2.2 | DNA sequencing and SNP genotyping
A reduced representation genomic dataset using RADseq was generated to genotype all individuals using genome-wide SNPs. RADseq libraries were prepared using a protocol modified from Etter et al. (2011), as specified in Gamble et al. (2015). Genomic DNA was extracted from ethanol preserved pectoral fin clips using a DNeasy Blood and Tissue Kit (Qiagen). Approximately 1 μg of DNA from each sample was digested at 37℃ for 2 hours using the high-fidelity SbfI restriction enzyme (New England Biolabs). A two-adapter process was utilized to create DNA libraries from the digested samples, with 10-15 individually barcoded samples allocated to each Illumina library pool. P1 adapters with unique barcodes were ligated to the specific SbfI overhang sequence exposed during the digestion process. Samples were then pooled, sheared using a sequence of cyclic sonication (Diagenode Bioruptor), and size-selected into approximately 300-400 base pair (bp) lengths using magnetic beads in PEG/NaCl buffer (Rohland & Reich, 2012). The libraries were blunt-end repaired and dA-tailed. P2 adapters were then ligated to each pooled library to provide unique Illumina identifiers and additional barcode sequences, necessary for the Illumina sequencing process (Andrews et al., 2016). All libraries were amplified via PCR using Q5 DNA polymerase (New England Biolabs) for 14 cycles, cleaned, and size-selected an additional time using a GeneRead Size Selection Kit (Qiagen). Genomic libraries were quantified using a Qubit fluorometer and pooled for Illumina sequencing. DNA fragment sizes were verified using a Bioanalyzer assay (Agilent) and the pooled libraries were sequenced with paired-end 75 and 100 bp reads on Illumina HiSeq 4000 (75 bp paired-end) and NovaSeq 6000 (100 bp paired-end) platforms at the Genomics Division of the Iowa Institute of Human Genetics, University of Iowa.

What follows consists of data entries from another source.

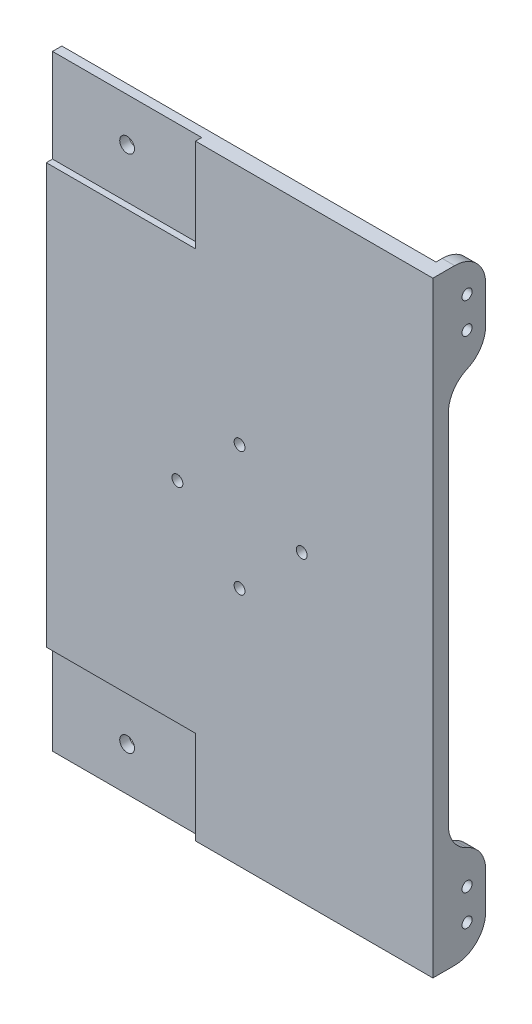
ISO-10303-21;
HEADER;
FILE_DESCRIPTION(('STEP AP214'),'2;1');
FILE_NAME('part.step','',(''),(''),'','','');
FILE_SCHEMA(('AUTOMOTIVE_DESIGN { 1 0 10303 214 1 1 1 1 }'));
ENDSEC;
DATA;
#1=APPLICATION_CONTEXT('core data for automotive mechanical design processes');
#2=APPLICATION_PROTOCOL_DEFINITION('international standard','automotive_design',2000,#1);
#3=PRODUCT_CONTEXT('',#1,'mechanical');
#4=PRODUCT('Part','Part','',(#3));
#5=PRODUCT_RELATED_PRODUCT_CATEGORY('part','',(#4));
#6=PRODUCT_DEFINITION_FORMATION('','',#4);
#7=PRODUCT_DEFINITION_CONTEXT('part definition',#1,'design');
#8=PRODUCT_DEFINITION('design','',#6,#7);
#9=PRODUCT_DEFINITION_SHAPE('','',#8);
#10=(LENGTH_UNIT() NAMED_UNIT(*) SI_UNIT(.MILLI.,.METRE.));
#11=(NAMED_UNIT(*) PLANE_ANGLE_UNIT() SI_UNIT($,.RADIAN.));
#12=(NAMED_UNIT(*) SI_UNIT($,.STERADIAN.) SOLID_ANGLE_UNIT());
#13=UNCERTAINTY_MEASURE_WITH_UNIT(LENGTH_MEASURE(1.E-05),#10,'distance_accuracy_value','');
#14=(GEOMETRIC_REPRESENTATION_CONTEXT(3) GLOBAL_UNCERTAINTY_ASSIGNED_CONTEXT((#13)) GLOBAL_UNIT_ASSIGNED_CONTEXT((#10,
#11,#12)) REPRESENTATION_CONTEXT('',''));
#15=CARTESIAN_POINT('',(0.,0.,0.));
#16=DIRECTION('',(0.,0.,1.));
#17=DIRECTION('',(1.,0.,0.));
#18=AXIS2_PLACEMENT_3D('',#15,#16,#17);
#19=CARTESIAN_POINT('',(-117.291706813187,97.76268,5.));
#20=DIRECTION('',(1.,0.,0.));
#21=DIRECTION('',(0.,1.,0.));
#22=AXIS2_PLACEMENT_3D('',#19,#20,#21);
#23=PLANE('',#22);
#24=DIRECTION('',(0.,-1.,0.));
#25=VECTOR('',#24,1.);
#26=CARTESIAN_POINT('',(-117.291706813187,97.76268,5.));
#27=LINE('',#26,#25);
#28=CARTESIAN_POINT('',(-117.291706813187,67.76268,5.));
#29=VERTEX_POINT('',#28);
#30=CARTESIAN_POINT('',(-117.291706813187,-67.23732,5.));
#31=VERTEX_POINT('',#30);
#32=EDGE_CURVE('E217',#29,#31,#27,.T.);
#33=ORIENTED_EDGE('',*,*,#32,.F.);
#34=DIRECTION('',(0.,0.,1.));
#35=VECTOR('',#34,1.);
#36=CARTESIAN_POINT('',(-117.291706813187,67.76268,3.));
#37=LINE('',#36,#35);
#38=CARTESIAN_POINT('',(-117.291706813187,67.76268,3.));
#39=VERTEX_POINT('',#38);
#40=EDGE_CURVE('E393',#39,#29,#37,.T.);
#41=ORIENTED_EDGE('',*,*,#40,.F.);
#42=DIRECTION('',(0.,-1.,0.));
#43=VECTOR('',#42,1.);
#44=CARTESIAN_POINT('',(-117.291706813187,67.76268,3.));
#45=LINE('',#44,#43);
#46=CARTESIAN_POINT('',(-117.291706813187,97.76268,3.));
#47=VERTEX_POINT('',#46);
#48=EDGE_CURVE('E410',#47,#39,#45,.T.);
#49=ORIENTED_EDGE('',*,*,#48,.F.);
#50=DIRECTION('',(0.,0.,-1.));
#51=VECTOR('',#50,1.);
#52=CARTESIAN_POINT('',(-117.291706813187,97.76268,5.));
#53=LINE('',#52,#51);
#54=CARTESIAN_POINT('',(-117.291706813187,97.76268,0.));
#55=VERTEX_POINT('',#54);
#56=EDGE_CURVE('E221',#47,#55,#53,.T.);
#57=ORIENTED_EDGE('',*,*,#56,.T.);
#58=DIRECTION('',(0.,-1.,0.));
#59=VECTOR('',#58,1.);
#60=CARTESIAN_POINT('',(-117.291706813187,97.76268,0.));
#61=LINE('',#60,#59);
#62=CARTESIAN_POINT('',(-117.291706813187,-97.23732,0.));
#63=VERTEX_POINT('',#62);
#64=EDGE_CURVE('E228',#55,#63,#61,.T.);
#65=ORIENTED_EDGE('',*,*,#64,.T.);
#66=DIRECTION('',(0.,0.,-1.));
#67=VECTOR('',#66,1.);
#68=CARTESIAN_POINT('',(-117.291706813187,-97.23732,5.));
#69=LINE('',#68,#67);
#70=CARTESIAN_POINT('',(-117.291706813187,-97.23732,3.));
#71=VERTEX_POINT('',#70);
#72=EDGE_CURVE('E242',#71,#63,#69,.T.);
#73=ORIENTED_EDGE('',*,*,#72,.F.);
#74=DIRECTION('',(0.,-1.,0.));
#75=VECTOR('',#74,1.);
#76=CARTESIAN_POINT('',(-117.291706813187,-67.23732,3.));
#77=LINE('',#76,#75);
#78=CARTESIAN_POINT('',(-117.291706813187,-67.23732,3.));
#79=VERTEX_POINT('',#78);
#80=EDGE_CURVE('E419',#79,#71,#77,.T.);
#81=ORIENTED_EDGE('',*,*,#80,.F.);
#82=DIRECTION('',(0.,0.,1.));
#83=VECTOR('',#82,1.);
#84=CARTESIAN_POINT('',(-117.291706813187,-67.23732,3.));
#85=LINE('',#84,#83);
#86=EDGE_CURVE('E233',#79,#31,#85,.T.);
#87=ORIENTED_EDGE('',*,*,#86,.T.);
#88=EDGE_LOOP('',(#33,#41,#49,#57,#65,#73,#81,#87));
#89=FACE_BOUND('',#88,.T.);
#90=ADVANCED_FACE('F45',(#89),#23,.F.);
#91=CARTESIAN_POINT('',(-117.291706813187,-97.23732,5.));
#92=DIRECTION('',(0.,1.,0.));
#93=DIRECTION('',(0.,0.,1.));
#94=AXIS2_PLACEMENT_3D('',#91,#92,#93);
#95=PLANE('',#94);
#96=DIRECTION('',(-1.,0.,0.));
#97=VECTOR('',#96,1.);
#98=CARTESIAN_POINT('',(-117.291706813187,-97.23732,-2.));
#99=LINE('',#98,#97);
#100=CARTESIAN_POINT('',(3.08829318681305,-97.23732,-2.));
#101=VERTEX_POINT('',#100);
#102=CARTESIAN_POINT('',(7.08829318681305,-97.23732,-2.));
#103=VERTEX_POINT('',#102);
#104=EDGE_CURVE('E206',#101,#103,#99,.F.);
#105=ORIENTED_EDGE('',*,*,#104,.T.);
#106=DIRECTION('',(0.,0.,-1.));
#107=VECTOR('',#106,1.);
#108=CARTESIAN_POINT('',(7.08829318681305,-97.23732,5.));
#109=LINE('',#108,#107);
#110=CARTESIAN_POINT('',(7.08829318681305,-97.23732,5.));
#111=VERTEX_POINT('',#110);
#112=EDGE_CURVE('E188',#111,#103,#109,.T.);
#113=ORIENTED_EDGE('',*,*,#112,.F.);
#114=DIRECTION('',(1.,0.,0.));
#115=VECTOR('',#114,1.);
#116=CARTESIAN_POINT('',(-117.291706813187,-97.23732,5.));
#117=LINE('',#116,#115);
#118=CARTESIAN_POINT('',(-69.2917068131869,-97.23732,5.));
#119=VERTEX_POINT('',#118);
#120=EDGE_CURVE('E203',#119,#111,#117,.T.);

Raw Illumina sequence data were de-multiplexed and filtered by their adapter sequences using the process_radtags command inSTACKS v.2.54 (Catchen et al., 2013). Two mismatches were allowed within the adapter sequences ‘–adapter_mm 2 ’ and any reads marked as failures by Illumina’s purity filter were discarded by using the ‘–filter_illumina ’ options. The program flags, ‘-c ’, ‘-q ’, and ‘-r ’ were utilized to remove data with uncalled bases, low phred33 quality scores, and recover and repair barcode segments (Rochette et al., 2019). Read lengths for all samples were trimmed to a 70 bp length to provide data continuity between both Illumina sequencing platforms and to remove any low-quality bases from the 5’ end of reads (Catchen et al., 2011). Files output fromprocess_radtags were then concatenated to a single file named for each respective sample (Rochette & Catchen, 2017).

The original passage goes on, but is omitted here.